Joint Partitioning and Placement of Foundation Models for Real-Time Edge AI
Joint Partitioning and Placement of Foundation Models for Real-Time Edge AI
Abstract-Inference over large-scale foundation models within heterogeneous edge environments necessitates a fundamentally reconfigurable orchestration substrate. Static partitioning of model layers presumes temporal stability across compute and network resources, which is misaligned with the volatility of real-world deployments. We introduce a framework in which both the spatial placement and internal segmentation of foundation models are elevated to runtime-resolved constructs. The orchestration problem is formalized as a constrained optimization over layer-wise assignments, subject to evolving latency, utilization, and privacy gradients. The framework implements reactive inference composition responsive to infrastructural fluctuations by integrating model-aware capacity profiling with dynamic graph re-partitioning and reallocation. We introduce architectural and algorithmic components, along with a representative use case in six G multi-access edge computing.
One. INTRODUCTION
One. INTRODUCTION
Next-generation six G-enabled networks will need to support a multitude of AI services based on large foundation models, such as transformer-based large language models. However, deploying these for inference requires significant compute, making their adoption challenging for edge environments. Distributed split inference has emerged as a promising approach to alleviate the computational burden. It partitions an LFM into multiple segments that are executed sequentially across different nodes, e.g., some executed locally, while heavier segments can be outsourced. However, such model splits are mostly static and predetermined before execution, thus lacking adaptability to dynamic and heterogeneous operational conditions such as fluctuating network reliability or changing node utilization. Consequently, these approaches lead to suboptimal performance, compromising latency, resource utilization, and quality of service guarantees, especially in mission-critical applications. This problem becomes even more acute in resource-constrained and heterogeneous edge environments, where multiple users rely on accessing shared resources such as multi-access edge compute, and where data privacy regulations often restrict offloading computations to the cloud. Such volatility renders any a priori static split untenable.
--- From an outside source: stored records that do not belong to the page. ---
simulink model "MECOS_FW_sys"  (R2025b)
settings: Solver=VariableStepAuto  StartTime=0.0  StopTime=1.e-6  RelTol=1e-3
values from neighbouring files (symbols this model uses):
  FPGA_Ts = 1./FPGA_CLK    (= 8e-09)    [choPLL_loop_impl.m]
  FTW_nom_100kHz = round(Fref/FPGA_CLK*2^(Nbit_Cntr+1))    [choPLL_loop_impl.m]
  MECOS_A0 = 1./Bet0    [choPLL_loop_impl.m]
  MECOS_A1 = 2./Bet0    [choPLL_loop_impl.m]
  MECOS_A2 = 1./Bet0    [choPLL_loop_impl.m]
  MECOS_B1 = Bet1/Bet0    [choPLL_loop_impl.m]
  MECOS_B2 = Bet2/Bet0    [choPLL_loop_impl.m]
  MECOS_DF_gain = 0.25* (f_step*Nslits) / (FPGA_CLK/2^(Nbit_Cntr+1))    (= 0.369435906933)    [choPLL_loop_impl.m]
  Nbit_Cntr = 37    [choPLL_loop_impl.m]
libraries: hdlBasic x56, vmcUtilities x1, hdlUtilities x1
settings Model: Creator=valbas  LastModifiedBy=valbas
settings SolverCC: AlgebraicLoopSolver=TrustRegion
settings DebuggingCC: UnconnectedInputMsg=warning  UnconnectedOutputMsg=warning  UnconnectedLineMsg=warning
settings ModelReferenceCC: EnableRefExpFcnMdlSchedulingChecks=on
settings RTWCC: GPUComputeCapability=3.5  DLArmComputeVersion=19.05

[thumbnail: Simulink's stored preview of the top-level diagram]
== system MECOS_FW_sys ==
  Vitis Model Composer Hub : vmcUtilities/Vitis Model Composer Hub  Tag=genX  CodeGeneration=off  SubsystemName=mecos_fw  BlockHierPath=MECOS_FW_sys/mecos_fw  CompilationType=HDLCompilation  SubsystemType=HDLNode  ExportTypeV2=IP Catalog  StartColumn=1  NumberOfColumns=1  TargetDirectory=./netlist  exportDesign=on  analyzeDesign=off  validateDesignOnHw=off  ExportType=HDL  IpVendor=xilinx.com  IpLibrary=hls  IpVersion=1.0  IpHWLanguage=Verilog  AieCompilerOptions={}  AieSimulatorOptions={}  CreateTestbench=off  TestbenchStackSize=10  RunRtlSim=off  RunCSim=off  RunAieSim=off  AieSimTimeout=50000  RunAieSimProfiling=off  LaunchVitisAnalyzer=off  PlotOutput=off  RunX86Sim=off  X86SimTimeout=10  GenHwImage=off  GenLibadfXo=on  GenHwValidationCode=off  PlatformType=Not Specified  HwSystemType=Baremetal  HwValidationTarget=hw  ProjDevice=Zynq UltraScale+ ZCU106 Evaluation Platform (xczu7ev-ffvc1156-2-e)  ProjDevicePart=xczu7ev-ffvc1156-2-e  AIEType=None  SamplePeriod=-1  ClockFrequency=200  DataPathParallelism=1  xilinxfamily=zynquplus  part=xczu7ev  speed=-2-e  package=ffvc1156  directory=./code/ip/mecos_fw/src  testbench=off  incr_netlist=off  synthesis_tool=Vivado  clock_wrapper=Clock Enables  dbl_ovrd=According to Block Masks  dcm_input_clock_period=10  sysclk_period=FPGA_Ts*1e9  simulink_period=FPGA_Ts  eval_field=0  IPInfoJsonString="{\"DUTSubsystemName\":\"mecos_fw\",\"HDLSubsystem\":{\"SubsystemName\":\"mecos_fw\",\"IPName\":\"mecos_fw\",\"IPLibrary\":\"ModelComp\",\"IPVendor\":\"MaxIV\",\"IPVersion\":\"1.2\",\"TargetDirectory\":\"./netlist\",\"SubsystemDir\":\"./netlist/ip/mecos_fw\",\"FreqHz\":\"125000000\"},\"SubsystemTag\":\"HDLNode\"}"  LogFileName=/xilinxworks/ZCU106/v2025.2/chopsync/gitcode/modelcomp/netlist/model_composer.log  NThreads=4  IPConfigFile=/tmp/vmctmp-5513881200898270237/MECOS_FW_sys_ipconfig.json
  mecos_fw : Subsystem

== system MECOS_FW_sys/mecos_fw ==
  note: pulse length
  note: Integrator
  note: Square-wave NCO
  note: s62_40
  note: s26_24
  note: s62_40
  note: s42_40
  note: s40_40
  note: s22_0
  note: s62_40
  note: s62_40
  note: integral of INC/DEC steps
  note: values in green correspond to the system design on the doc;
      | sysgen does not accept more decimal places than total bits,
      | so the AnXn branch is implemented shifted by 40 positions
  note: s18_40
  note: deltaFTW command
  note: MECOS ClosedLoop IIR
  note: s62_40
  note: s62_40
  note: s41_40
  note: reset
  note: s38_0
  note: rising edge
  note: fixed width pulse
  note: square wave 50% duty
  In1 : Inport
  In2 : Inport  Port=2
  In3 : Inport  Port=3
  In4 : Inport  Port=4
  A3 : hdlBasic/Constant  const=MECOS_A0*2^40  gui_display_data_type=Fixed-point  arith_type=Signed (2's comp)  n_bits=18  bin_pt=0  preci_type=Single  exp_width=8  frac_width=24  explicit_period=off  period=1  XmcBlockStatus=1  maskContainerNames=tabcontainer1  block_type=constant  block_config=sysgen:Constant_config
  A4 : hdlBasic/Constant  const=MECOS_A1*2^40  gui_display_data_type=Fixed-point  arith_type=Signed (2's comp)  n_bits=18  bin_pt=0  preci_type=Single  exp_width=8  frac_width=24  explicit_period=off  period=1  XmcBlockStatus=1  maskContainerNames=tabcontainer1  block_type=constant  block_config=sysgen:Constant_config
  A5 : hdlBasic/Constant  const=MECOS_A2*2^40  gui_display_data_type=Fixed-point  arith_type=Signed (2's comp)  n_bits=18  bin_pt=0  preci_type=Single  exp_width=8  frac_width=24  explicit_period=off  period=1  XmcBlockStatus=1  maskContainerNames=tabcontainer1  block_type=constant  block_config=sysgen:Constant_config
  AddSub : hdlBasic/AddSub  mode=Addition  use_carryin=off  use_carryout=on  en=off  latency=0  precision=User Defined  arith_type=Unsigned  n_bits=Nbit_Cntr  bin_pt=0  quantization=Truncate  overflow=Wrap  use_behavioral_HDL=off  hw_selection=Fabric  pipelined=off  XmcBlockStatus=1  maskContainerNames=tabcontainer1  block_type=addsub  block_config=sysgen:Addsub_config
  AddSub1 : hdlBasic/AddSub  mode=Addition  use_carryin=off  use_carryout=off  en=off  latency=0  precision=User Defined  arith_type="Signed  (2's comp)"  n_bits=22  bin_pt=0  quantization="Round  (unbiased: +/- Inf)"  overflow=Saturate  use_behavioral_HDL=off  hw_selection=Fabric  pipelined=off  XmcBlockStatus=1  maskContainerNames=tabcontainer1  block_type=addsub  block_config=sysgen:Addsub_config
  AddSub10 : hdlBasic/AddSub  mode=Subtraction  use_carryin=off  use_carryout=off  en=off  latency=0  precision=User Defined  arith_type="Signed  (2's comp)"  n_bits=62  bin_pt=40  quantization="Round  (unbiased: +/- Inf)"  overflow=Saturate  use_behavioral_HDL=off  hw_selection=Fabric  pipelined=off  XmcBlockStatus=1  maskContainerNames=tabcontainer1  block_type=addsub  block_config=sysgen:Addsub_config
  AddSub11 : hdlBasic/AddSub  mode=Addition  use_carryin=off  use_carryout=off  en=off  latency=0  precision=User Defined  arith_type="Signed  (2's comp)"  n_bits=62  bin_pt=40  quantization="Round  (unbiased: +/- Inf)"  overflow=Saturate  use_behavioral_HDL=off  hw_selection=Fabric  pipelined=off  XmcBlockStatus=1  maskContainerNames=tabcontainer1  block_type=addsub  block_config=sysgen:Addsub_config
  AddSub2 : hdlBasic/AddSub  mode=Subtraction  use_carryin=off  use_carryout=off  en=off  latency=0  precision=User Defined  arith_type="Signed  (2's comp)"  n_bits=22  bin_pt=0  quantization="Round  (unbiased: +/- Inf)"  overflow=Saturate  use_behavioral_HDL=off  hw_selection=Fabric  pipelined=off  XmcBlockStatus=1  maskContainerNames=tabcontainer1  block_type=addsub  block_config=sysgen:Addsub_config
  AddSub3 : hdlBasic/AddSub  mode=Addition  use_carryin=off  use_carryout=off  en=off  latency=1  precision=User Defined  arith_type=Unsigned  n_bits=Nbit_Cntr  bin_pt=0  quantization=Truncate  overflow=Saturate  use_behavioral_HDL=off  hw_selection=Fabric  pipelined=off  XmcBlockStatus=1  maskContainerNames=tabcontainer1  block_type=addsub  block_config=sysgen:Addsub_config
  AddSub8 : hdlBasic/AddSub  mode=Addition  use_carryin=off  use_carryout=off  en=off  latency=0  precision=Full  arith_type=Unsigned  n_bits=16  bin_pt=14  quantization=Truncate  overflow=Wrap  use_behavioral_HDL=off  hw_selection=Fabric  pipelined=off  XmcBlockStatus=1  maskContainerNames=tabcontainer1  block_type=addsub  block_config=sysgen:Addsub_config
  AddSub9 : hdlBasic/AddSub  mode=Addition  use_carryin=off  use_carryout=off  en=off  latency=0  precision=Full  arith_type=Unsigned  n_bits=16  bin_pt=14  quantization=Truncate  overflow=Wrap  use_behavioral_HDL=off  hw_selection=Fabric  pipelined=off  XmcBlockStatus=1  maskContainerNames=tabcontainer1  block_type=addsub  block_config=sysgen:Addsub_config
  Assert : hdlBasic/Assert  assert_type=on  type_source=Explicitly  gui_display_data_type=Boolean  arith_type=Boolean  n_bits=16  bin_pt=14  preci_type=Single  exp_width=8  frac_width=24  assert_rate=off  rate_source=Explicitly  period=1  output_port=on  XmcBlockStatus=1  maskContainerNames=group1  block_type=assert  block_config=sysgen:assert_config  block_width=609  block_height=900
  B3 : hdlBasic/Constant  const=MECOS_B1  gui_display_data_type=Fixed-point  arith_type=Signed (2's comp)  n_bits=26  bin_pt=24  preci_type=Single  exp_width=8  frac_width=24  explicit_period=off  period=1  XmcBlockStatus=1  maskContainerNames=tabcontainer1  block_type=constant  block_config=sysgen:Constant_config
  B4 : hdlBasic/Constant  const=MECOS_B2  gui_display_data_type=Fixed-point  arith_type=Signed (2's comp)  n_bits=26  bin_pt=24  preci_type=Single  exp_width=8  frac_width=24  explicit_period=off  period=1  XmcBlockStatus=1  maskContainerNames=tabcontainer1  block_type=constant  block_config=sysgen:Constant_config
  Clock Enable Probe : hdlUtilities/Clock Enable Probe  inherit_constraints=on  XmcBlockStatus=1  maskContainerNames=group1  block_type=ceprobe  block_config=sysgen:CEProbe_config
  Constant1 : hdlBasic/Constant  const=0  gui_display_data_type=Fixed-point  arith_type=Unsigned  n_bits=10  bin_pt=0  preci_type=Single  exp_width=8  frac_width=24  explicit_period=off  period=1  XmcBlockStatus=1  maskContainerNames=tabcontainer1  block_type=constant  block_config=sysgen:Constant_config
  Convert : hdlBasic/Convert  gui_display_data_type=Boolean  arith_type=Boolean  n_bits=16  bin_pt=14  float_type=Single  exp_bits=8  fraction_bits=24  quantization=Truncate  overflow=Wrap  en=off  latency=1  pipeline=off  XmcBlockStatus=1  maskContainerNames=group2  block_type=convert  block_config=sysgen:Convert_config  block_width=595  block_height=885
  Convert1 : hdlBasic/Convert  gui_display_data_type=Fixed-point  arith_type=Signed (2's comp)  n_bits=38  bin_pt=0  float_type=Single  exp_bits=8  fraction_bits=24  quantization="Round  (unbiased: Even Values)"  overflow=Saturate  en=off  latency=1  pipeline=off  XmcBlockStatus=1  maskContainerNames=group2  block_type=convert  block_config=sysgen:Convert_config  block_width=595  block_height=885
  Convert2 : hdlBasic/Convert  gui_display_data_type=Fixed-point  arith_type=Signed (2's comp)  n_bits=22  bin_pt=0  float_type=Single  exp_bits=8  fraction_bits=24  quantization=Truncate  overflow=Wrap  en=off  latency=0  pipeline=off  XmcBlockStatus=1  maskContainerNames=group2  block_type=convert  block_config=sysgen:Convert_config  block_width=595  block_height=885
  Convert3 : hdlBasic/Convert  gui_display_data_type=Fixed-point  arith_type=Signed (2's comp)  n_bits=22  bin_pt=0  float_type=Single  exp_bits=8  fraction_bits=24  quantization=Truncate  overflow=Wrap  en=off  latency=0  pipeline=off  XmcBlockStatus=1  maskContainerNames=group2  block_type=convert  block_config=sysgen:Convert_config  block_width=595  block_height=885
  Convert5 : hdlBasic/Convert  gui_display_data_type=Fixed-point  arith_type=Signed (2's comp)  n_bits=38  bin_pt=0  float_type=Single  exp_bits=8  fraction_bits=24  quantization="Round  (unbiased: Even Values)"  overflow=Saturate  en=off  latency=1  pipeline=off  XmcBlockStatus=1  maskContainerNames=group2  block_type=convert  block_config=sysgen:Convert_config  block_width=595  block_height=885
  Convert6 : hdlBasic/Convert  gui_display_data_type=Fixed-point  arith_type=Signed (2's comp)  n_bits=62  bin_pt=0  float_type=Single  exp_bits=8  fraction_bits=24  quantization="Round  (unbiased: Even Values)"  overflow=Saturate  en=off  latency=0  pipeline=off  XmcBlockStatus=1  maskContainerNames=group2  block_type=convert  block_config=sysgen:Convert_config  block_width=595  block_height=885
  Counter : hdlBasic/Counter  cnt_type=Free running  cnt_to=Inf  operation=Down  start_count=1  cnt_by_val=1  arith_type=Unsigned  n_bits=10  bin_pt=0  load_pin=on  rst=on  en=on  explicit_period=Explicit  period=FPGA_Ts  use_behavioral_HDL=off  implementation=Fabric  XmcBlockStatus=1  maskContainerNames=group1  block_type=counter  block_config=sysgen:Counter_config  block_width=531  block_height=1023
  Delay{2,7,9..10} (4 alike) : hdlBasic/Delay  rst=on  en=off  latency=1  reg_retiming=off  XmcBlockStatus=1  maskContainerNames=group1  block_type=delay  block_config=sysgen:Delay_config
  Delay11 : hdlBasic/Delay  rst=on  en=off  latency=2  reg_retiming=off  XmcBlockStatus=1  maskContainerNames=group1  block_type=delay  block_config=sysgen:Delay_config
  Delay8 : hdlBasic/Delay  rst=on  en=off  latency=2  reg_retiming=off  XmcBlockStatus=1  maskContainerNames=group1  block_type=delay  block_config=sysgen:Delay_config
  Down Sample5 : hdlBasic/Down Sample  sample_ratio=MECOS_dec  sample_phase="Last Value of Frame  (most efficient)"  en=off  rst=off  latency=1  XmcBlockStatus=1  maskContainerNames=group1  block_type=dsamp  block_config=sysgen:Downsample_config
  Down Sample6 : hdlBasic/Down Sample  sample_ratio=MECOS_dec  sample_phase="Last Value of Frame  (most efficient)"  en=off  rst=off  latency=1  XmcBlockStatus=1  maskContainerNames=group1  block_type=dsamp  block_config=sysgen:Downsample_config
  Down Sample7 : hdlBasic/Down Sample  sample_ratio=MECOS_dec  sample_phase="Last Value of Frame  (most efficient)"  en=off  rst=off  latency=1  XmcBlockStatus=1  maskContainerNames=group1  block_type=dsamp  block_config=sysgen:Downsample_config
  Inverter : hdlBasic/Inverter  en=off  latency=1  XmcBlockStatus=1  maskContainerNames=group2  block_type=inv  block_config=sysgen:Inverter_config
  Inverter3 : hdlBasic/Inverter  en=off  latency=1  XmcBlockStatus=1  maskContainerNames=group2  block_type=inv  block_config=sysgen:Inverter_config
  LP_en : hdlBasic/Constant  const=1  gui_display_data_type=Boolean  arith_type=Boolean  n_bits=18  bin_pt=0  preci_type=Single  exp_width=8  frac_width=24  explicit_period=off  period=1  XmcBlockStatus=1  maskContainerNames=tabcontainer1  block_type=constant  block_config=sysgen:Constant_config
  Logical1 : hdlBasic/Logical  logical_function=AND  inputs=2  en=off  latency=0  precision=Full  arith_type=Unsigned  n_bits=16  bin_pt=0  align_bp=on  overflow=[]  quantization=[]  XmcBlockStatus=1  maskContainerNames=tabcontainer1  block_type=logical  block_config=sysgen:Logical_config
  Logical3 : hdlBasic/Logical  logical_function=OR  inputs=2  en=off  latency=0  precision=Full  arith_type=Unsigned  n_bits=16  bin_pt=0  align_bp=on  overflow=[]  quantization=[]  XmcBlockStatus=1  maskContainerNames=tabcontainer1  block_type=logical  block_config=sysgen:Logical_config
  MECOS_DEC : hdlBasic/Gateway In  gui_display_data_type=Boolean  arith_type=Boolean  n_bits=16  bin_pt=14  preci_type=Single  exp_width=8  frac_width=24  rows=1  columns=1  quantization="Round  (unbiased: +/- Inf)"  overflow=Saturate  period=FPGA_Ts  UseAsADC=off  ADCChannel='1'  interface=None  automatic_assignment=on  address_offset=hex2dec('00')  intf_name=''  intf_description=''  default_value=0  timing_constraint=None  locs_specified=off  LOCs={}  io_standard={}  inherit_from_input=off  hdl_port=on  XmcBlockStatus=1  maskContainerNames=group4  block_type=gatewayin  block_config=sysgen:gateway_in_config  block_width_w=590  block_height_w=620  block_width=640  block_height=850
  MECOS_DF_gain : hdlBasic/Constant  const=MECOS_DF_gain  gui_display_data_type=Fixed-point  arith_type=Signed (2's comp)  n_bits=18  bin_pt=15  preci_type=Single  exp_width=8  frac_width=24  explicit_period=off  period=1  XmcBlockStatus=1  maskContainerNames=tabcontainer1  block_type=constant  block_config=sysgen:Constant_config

In addition, existing inference orchestration frameworks, such as Kubernetes, Ray Serve, InferLine, and KubeEdge, excel at container or micro-batch scheduling but treat large foundation models primarily as black boxes, thus lacking mechanisms for runtime layer re-partitioning or privacy-aware placement. Consequently, the key problem of joint model-aware partition and placement under dynamic edge conditions remains open.
In this work, we address this problem by introducing an adaptive split inference orchestration framework, extending existing workload orchestrators with domain-specific capabilities specifically tailored for large foundation models, such as multi-modal large language models. We introduce the following capabilities by leveraging the modular architecture of these models:
One) Distribution of workloads to edge nodes with better performance or capacity than the original source node.
Two) Relocation of split large foundation model segments to dynamically optimize resources under changing compute conditions.
Three) Dynamic large foundation model re-splitting to further improve performance and resource utilization when required.
Unlike general-purpose workload schedulers, our framework operates on the computational graph of the large foundation model itself, allowing decisions at the granularity of, e.g., individual transformer blocks. This enables quality of service-driven re-splitting that commodity orchestrators do not address. Furthermore, as our solution emphasizes split inference, privacy can be implemented as an additional feature at no cost if sensitive large foundation model layers can be executed locally, which makes reverse engineering data from model weights significantly more challenging for attackers. Through this approach, we establish a foundation for real-time and quality of service-aware large foundation model inference in edge networks, aligning with key six G objectives of seamless connectivity, low inference latency, and intelligent edge resource management.